## WHAT THIS TASK INVOLVES:
Restate the entries word for word, leaving nothing out.

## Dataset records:
──────────

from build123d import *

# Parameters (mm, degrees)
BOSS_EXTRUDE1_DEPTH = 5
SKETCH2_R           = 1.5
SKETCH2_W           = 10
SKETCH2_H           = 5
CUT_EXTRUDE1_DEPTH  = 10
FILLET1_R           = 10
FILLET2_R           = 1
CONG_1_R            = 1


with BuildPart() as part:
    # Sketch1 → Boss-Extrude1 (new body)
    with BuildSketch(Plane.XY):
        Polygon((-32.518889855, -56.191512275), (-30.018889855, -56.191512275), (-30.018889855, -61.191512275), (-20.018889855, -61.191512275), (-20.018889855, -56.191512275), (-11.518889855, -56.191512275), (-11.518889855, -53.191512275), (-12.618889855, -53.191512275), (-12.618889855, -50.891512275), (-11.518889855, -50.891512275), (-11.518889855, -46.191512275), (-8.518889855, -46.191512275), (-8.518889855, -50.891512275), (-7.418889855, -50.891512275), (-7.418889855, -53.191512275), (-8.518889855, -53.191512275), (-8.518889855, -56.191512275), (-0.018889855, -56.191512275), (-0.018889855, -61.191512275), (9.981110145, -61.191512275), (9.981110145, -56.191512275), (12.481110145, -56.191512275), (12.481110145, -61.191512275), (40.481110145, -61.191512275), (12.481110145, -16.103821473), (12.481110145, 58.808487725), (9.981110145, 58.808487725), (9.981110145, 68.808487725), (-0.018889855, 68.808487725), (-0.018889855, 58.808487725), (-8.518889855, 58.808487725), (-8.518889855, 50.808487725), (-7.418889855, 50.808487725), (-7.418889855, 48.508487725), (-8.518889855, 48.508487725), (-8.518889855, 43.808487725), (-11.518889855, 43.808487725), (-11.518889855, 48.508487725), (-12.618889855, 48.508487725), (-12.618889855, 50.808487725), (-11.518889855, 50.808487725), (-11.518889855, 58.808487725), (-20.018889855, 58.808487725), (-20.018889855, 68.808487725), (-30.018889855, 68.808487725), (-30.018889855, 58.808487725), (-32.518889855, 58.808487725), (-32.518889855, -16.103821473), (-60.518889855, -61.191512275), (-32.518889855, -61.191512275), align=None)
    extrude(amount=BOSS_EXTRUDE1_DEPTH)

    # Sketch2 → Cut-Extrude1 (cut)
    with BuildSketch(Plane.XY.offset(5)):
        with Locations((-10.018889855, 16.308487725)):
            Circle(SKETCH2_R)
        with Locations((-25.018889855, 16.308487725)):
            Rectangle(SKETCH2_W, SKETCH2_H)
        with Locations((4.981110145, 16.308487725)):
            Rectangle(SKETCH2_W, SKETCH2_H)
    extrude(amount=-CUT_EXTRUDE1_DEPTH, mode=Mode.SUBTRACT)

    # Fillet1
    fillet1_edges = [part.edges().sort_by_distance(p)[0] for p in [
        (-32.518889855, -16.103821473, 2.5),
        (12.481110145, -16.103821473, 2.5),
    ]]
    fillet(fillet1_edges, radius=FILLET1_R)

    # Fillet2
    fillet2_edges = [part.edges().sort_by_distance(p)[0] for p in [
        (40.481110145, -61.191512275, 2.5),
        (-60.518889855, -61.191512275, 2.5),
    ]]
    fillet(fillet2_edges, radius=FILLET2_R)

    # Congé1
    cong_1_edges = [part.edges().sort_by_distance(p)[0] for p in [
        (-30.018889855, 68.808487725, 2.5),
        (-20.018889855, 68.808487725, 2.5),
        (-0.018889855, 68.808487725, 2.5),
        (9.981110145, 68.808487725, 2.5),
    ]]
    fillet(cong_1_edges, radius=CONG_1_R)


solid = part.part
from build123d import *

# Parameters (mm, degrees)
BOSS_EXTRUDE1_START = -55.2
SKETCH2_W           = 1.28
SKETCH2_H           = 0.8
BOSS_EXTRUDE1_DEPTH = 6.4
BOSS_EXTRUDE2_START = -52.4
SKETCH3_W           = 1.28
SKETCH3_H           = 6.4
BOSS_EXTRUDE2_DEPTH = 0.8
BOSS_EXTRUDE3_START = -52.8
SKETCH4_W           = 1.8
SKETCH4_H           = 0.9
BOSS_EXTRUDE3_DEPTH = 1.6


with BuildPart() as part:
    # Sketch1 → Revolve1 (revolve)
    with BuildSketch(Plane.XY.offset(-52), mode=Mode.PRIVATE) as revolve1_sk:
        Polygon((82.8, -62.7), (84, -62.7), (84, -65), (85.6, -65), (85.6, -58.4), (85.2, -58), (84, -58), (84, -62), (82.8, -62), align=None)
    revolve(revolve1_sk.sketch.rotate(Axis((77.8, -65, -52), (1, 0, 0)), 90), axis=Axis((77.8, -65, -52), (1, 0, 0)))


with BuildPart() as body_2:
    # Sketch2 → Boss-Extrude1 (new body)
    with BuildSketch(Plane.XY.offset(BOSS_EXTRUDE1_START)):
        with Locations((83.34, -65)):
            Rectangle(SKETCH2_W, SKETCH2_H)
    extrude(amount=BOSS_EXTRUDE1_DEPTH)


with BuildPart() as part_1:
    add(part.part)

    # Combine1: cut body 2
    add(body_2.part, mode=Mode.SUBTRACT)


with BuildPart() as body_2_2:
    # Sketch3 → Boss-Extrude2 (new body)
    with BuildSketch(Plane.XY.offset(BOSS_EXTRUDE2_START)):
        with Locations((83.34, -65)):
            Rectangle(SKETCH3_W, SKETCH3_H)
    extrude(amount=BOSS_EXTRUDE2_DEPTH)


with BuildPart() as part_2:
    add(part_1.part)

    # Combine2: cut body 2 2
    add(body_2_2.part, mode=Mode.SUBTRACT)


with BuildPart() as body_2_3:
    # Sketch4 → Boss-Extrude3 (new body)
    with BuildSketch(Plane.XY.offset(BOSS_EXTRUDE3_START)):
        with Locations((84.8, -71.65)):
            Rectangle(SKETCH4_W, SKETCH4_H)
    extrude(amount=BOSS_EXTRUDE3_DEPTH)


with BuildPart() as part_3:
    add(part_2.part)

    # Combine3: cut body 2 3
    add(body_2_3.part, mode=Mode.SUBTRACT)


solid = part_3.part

──────────

## RESULT:
from build123d import *

# Parameters (mm, degrees)
BOSS_EXTRUDE1_DEPTH = 5
SKETCH2_R           = 1.5
SKETCH2_W           = 10
SKETCH2_H           = 5
CUT_EXTRUDE1_DEPTH  = 10
FILLET1_R           = 10
FILLET2_R           = 1
CONG_1_R            = 1


with BuildPart() as part:
    # Sketch1 → Boss-Extrude1 (new body)
    with BuildSketch(Plane.XY):
        Polygon((-32.518889855, -56.191512275), (-30.018889855, -56.191512275), (-30.018889855, -61.191512275), (-20.018889855, -61.191512275), (-20.018889855, -56.191512275), (-11.518889855, -56.191512275), (-11.518889855, -53.191512275), (-12.618889855, -53.191512275), (-12.618889855, -50.891512275), (-11.518889855, -50.891512275), (-11.518889855, -46.191512275), (-8.518889855, -46.191512275), (-8.518889855, -50.891512275), (-7.418889855, -50.891512275), (-7.418889855, -53.191512275), (-8.518889855, -53.191512275), (-8.518889855, -56.191512275), (-0.018889855, -56.191512275), (-0.018889855, -61.191512275), (9.981110145, -61.191512275), (9.981110145, -56.191512275), (12.481110145, -56.191512275), (12.481110145, -61.191512275), (40.481110145, -61.191512275), (12.481110145, -16.103821473), (12.481110145, 58.808487725), (9.981110145, 58.808487725), (9.981110145, 68.808487725), (-0.018889855, 68.808487725), (-0.018889855, 58.808487725), (-8.518889855, 58.808487725), (-8.518889855, 50.808487725), (-7.418889855, 50.808487725), (-7.418889855, 48.508487725), (-8.518889855, 48.508487725), (-8.518889855, 43.808487725), (-11.518889855, 43.808487725), (-11.518889855, 48.508487725), (-12.618889855, 48.508487725), (-12.618889855, 50.808487725), (-11.518889855, 50.808487725), (-11.518889855, 58.808487725), (-20.018889855, 58.808487725), (-20.018889855, 68.808487725), (-30.018889855, 68.808487725), (-30.018889855, 58.808487725), (-32.518889855, 58.808487725), (-32.518889855, -16.103821473), (-60.518889855, -61.191512275), (-32.518889855, -61.191512275), align=None)
    extrude(amount=BOSS_EXTRUDE1_DEPTH)

    # Sketch2 → Cut-Extrude1 (cut)
    with BuildSketch(Plane.XY.offset(5)):
        with Locations((-10.018889855, 16.308487725)):
            Circle(SKETCH2_R)
        with Locations((-25.018889855, 16.308487725)):
            Rectangle(SKETCH2_W, SKETCH2_H)
        with Locations((4.981110145, 16.308487725)):
            Rectangle(SKETCH2_W, SKETCH2_H)
    extrude(amount=-CUT_EXTRUDE1_DEPTH, mode=Mode.SUBTRACT)

    # Fillet1
    fillet1_edges = [part.edges().sort_by_distance(p)[0] for p in [
        (-32.518889855, -16.103821473, 2.5),
        (12.481110145, -16.103821473, 2.5),
    ]]
    fillet(fillet1_edges, radius=FILLET1_R)

    # Fillet2
    fillet2_edges = [part.edges().sort_by_distance(p)[0] for p in [
        (40.481110145, -61.191512275, 2.5),
        (-60.518889855, -61.191512275, 2.5),
    ]]
    fillet(fillet2_edges, radius=FILLET2_R)

    # Congé1
    cong_1_edges = [part.edges().sort_by_distance(p)[0] for p in [
        (-30.018889855, 68.808487725, 2.5),
        (-20.018889855, 68.808487725, 2.5),
        (-0.018889855, 68.808487725, 2.5),
        (9.981110145, 68.808487725, 2.5),
    ]]
    fillet(cong_1_edges, radius=CONG_1_R)


solid = part.part
from build123d import *

# Parameters (mm, degrees)
BOSS_EXTRUDE1_START = -55.2
SKETCH2_W           = 1.28
SKETCH2_H           = 0.8
BOSS_EXTRUDE1_DEPTH = 6.4
BOSS_EXTRUDE2_START = -52.4
SKETCH3_W           = 1.28
SKETCH3_H           = 6.4
BOSS_EXTRUDE2_DEPTH = 0.8
BOSS_EXTRUDE3_START = -52.8
SKETCH4_W           = 1.8
SKETCH4_H           = 0.9
BOSS_EXTRUDE3_DEPTH = 1.6


with BuildPart() as part:
    # Sketch1 → Revolve1 (revolve)
    with BuildSketch(Plane.XY.offset(-52), mode=Mode.PRIVATE) as revolve1_sk:
        Polygon((82.8, -62.7), (84, -62.7), (84, -65), (85.6, -65), (85.6, -58.4), (85.2, -58), (84, -58), (84, -62), (82.8, -62), align=None)
    revolve(revolve1_sk.sketch.rotate(Axis((77.8, -65, -52), (1, 0, 0)), 90), axis=Axis((77.8, -65, -52), (1, 0, 0)))


with BuildPart() as body_2:
    # Sketch2 → Boss-Extrude1 (new body)
    with BuildSketch(Plane.XY.offset(BOSS_EXTRUDE1_START)):
        with Locations((83.34, -65)):
            Rectangle(SKETCH2_W, SKETCH2_H)
    extrude(amount=BOSS_EXTRUDE1_DEPTH)


with BuildPart() as part_1:
    add(part.part)

    # Combine1: cut body 2
    add(body_2.part, mode=Mode.SUBTRACT)


with BuildPart() as body_2_2:
    # Sketch3 → Boss-Extrude2 (new body)
    with BuildSketch(Plane.XY.offset(BOSS_EXTRUDE2_START)):
        with Locations((83.34, -65)):
            Rectangle(SKETCH3_W, SKETCH3_H)
    extrude(amount=BOSS_EXTRUDE2_DEPTH)


with BuildPart() as part_2:
    add(part_1.part)

    # Combine2: cut body 2 2
    add(body_2_2.part, mode=Mode.SUBTRACT)


with BuildPart() as body_2_3:
    # Sketch4 → Boss-Extrude3 (new body)
    with BuildSketch(Plane.XY.offset(BOSS_EXTRUDE3_START)):
        with Locations((84.8, -71.65)):
            Rectangle(SKETCH4_W, SKETCH4_H)
    extrude(amount=BOSS_EXTRUDE3_DEPTH)


with BuildPart() as part_3:
    add(part_2.part)

    # Combine3: cut body 2 3
    add(body_2_3.part, mode=Mode.SUBTRACT)


solid = part_3.part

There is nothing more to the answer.